As if we didn’t have enough to get our biopsychosocial teeth into lately – this latest event gives us opportunity to debate that ever popular yet seldom reconciled issue: Euthanasia.

This week the GMC has determined to suspend Dr Iain Kerr for 6 months following his decision to prescribe to an elderly woman who died from an overdose of prescribed tablets (Temazepam, anti-histamines and painkillers). Dr Kerr had (re)prescribed the Temazepam only three days after a failed overdose suicide attempt. She died 11 days later from a second overdose. The woman was 87.

Dr Kerr said he gave Patient A the sleeping pills as an “insurance policy”.

He told the hearing in Manchester: “She said ‘Give me something that I can take if things get too bad’ and I said yes.” [source]

It’s an issue that needs little introduction. Euthanasia has been on the agenda for some time and has caused significant controversy. However, some places have made up their mind that it’s not so difficult: [Wiki]

As of 2008, some forms of euthanasia are legal in Belgium, Luxemburg, The Netherlands, Switzerland, the U.S. state Oregon, and Thailand.
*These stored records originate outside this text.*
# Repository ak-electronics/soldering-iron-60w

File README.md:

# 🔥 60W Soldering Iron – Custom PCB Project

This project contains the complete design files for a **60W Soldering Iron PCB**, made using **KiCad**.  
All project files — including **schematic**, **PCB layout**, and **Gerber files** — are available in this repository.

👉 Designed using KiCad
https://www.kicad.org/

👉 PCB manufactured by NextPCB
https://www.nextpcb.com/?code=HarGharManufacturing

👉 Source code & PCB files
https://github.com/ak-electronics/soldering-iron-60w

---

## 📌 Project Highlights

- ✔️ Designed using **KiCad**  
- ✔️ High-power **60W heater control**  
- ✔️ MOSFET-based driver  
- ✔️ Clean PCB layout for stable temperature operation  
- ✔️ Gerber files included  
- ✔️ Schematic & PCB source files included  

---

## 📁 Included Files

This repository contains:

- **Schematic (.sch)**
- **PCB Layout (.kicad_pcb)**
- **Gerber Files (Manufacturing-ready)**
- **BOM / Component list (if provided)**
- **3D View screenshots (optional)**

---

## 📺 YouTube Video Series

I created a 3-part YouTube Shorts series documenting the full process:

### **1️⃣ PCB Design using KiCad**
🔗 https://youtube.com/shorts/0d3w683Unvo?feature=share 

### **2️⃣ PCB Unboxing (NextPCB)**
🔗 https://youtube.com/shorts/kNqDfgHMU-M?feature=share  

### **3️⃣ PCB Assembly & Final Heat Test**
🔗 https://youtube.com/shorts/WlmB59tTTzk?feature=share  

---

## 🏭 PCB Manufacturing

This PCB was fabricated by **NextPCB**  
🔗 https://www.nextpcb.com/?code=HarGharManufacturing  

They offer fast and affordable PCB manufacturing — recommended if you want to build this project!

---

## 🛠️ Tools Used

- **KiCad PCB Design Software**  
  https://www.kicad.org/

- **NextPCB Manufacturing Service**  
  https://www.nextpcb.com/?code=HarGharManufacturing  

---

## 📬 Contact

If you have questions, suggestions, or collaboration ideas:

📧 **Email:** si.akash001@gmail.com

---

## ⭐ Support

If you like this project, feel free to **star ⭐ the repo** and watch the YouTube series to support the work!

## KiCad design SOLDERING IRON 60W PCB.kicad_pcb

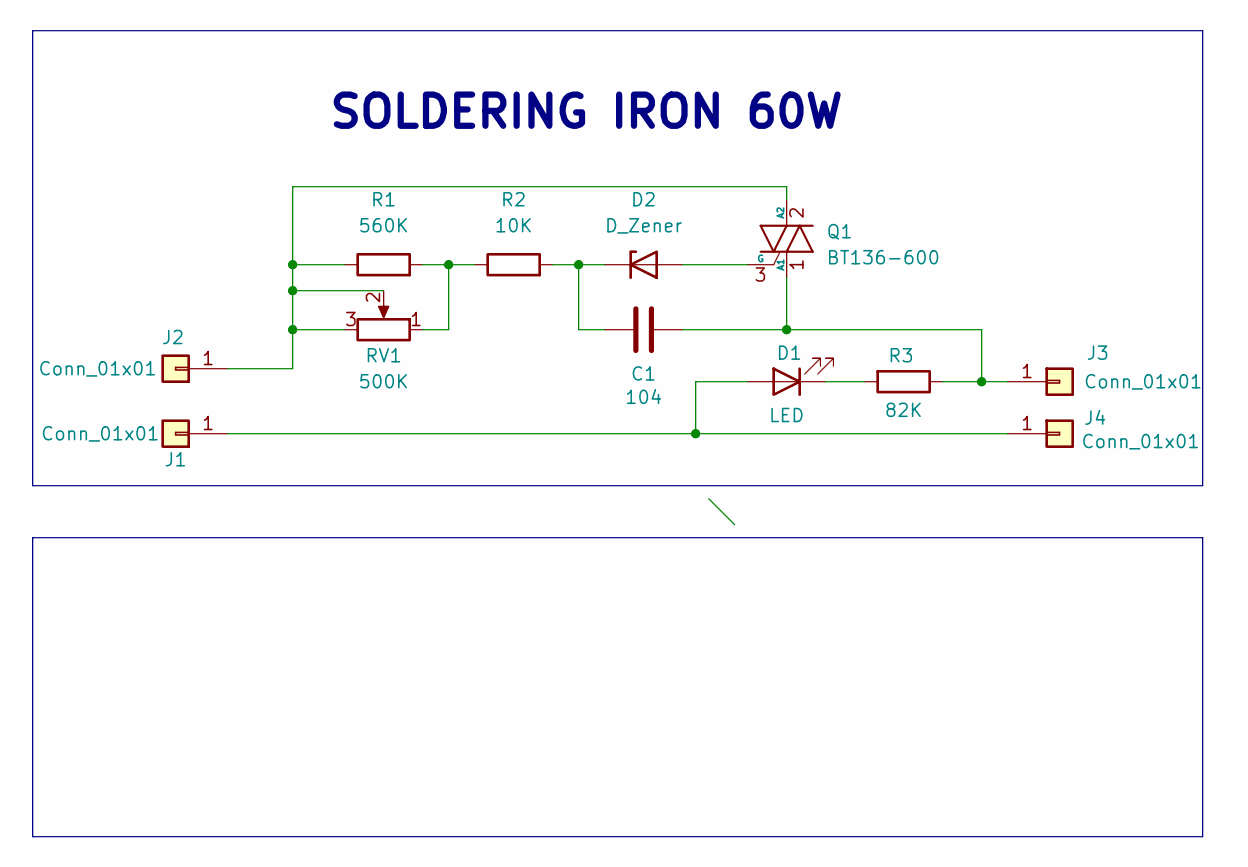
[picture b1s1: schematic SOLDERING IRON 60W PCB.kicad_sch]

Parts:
C1: 104; C_1206_3216Metric
D1: LED; LED_0805_2012Metric
D2: D_Zener; D_1206_3216Metric
J1, J2, J3, J4: Conn_01x01; Pin_D1.0mm_L10.0mm
Q1: BT136-600; TO-252-2
R1: 560K; R_1210_3225Metric
R2: 10K; R_1210_3225Metric
R3: 82K; R_1210_3225Metric
RV1: 500K; Potentiometer_Piher_PT-6-V_Vertical

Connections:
unnamed: D1.2 (A), J1.1, J4.1
unnamed: D1.1 (K), R3.2
unnamed: D2.2 (A), Q1.3 (G)
unnamed: C1.1, D2.1 (K), R2.2
unnamed: J2.1, Q1.2 (A2), R1.1, RV1.2, RV1.3
unnamed: C1.2, J3.1, Q1.1 (A1), R3.1
unnamed: R1.2, R2.1, RV1.1

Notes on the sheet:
SOLDERING IRON 60W

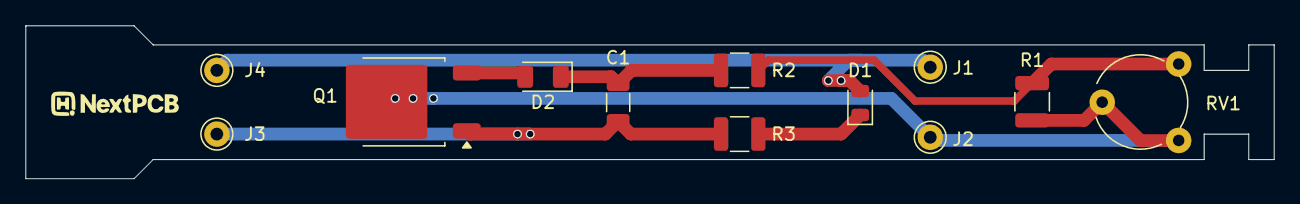
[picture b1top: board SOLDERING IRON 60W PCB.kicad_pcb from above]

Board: 2 copper layers, 98.0 x 12.0 mm, 12 parts (0 on the bottom side), 7 nets.

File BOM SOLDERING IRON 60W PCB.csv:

"Reference","Qty","Value","DNP","Exclude from BOM","Exclude from Board","Footprint","Datasheet"
"C1","1","104","","","","Capacitor_SMD:C_1206_3216Metric","~"
"D1","1","LED","","","","LED_SMD:LED_0805_2012Metric","~"
"D2","1","D_Zener","","","","Diode_SMD:D_1206_3216Metric","~"
"J1,J2,J3,J4","4","Conn_01x01","","","","Connector_Pin:Pin_D1.0mm_L10.0mm","~"
"Q1","1","BT136-600","","","","Package_TO_SOT_SMD:TO-252-2","http://www.micropik.com/PDF/BT136-600.pdf"
"R1","1","560K","","","","Resistor_SMD:R_1210_3225Metric","~"
"R2","1","10K","","","","Resistor_SMD:R_1210_3225Metric","~"
"R3","1","82K","","","","Resistor_SMD:R_1210_3225Metric","~"
"RV1","1","500K","","","","Potentiometer_THT:Potentiometer_Piher_PT-6-V_Vertical","~"

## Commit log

2025-11-29 First change v1.0.1
2025-11-29 Add project details for 60W Soldering Iron Controller
    Added detailed project information for a 60W soldering iron temperature controller, including features, working principles, BOM, safety notices, and getting started instructions.
2025-12-01 Enhance README with PCB manufacturing details
    Added PCB manufacturing section and updated title formatting.
2025-12-09 add gerber v1.1
2025-12-10 Add BOM and readme v1.3
2025-12-10 change in readme

I’m not sure what the current status of debate is in the big offices where the important people sit and chat about our lives, but there seems to be some discussion about the message this latest sanction sends.

Even the GMC panel rejected a call to strike his name from the medical register.

Campaigners have taken this as a positive sign. Dr Michael Irwin, a former doctor with the United Nations, was struck off by the GMC in 2005 for trying to help a terminally ill friend to die. In the event his friend, who was suffering from prostate cancer, was too ill to take the tablets and died a few days later.

Dr Irwin, once chair of the pro-euthanasia organisation Dignity in Dying, said he felt the decision to suspend Dr Kerr could be interpreted as a positive sign.

He has already written to the Euthanasia Research and Guidance Organisation about the result. “I said, I do not want to sound too optimistic but in the recent past doctors doing the same kind of thing were struck off,” he explained.

He firmly believes that the UK will eventually permit assisted suicide, even predicting a time frame of 20 years, and he thinks Scotland could be first to make the change.

On the other side, there are the anti-euthanasia enthusiasts such as Alex Schadenburg,  executive director of the Euthanasia Prevention Coalition – Canada and the Chairperson of the Euthanasia Prevention Coalition – International who recounts accurate detail but only proffers this opinion:

It is very important that the GMC has given this case the appropriate attention rather than remaining silent our of fear of offending the politically correct.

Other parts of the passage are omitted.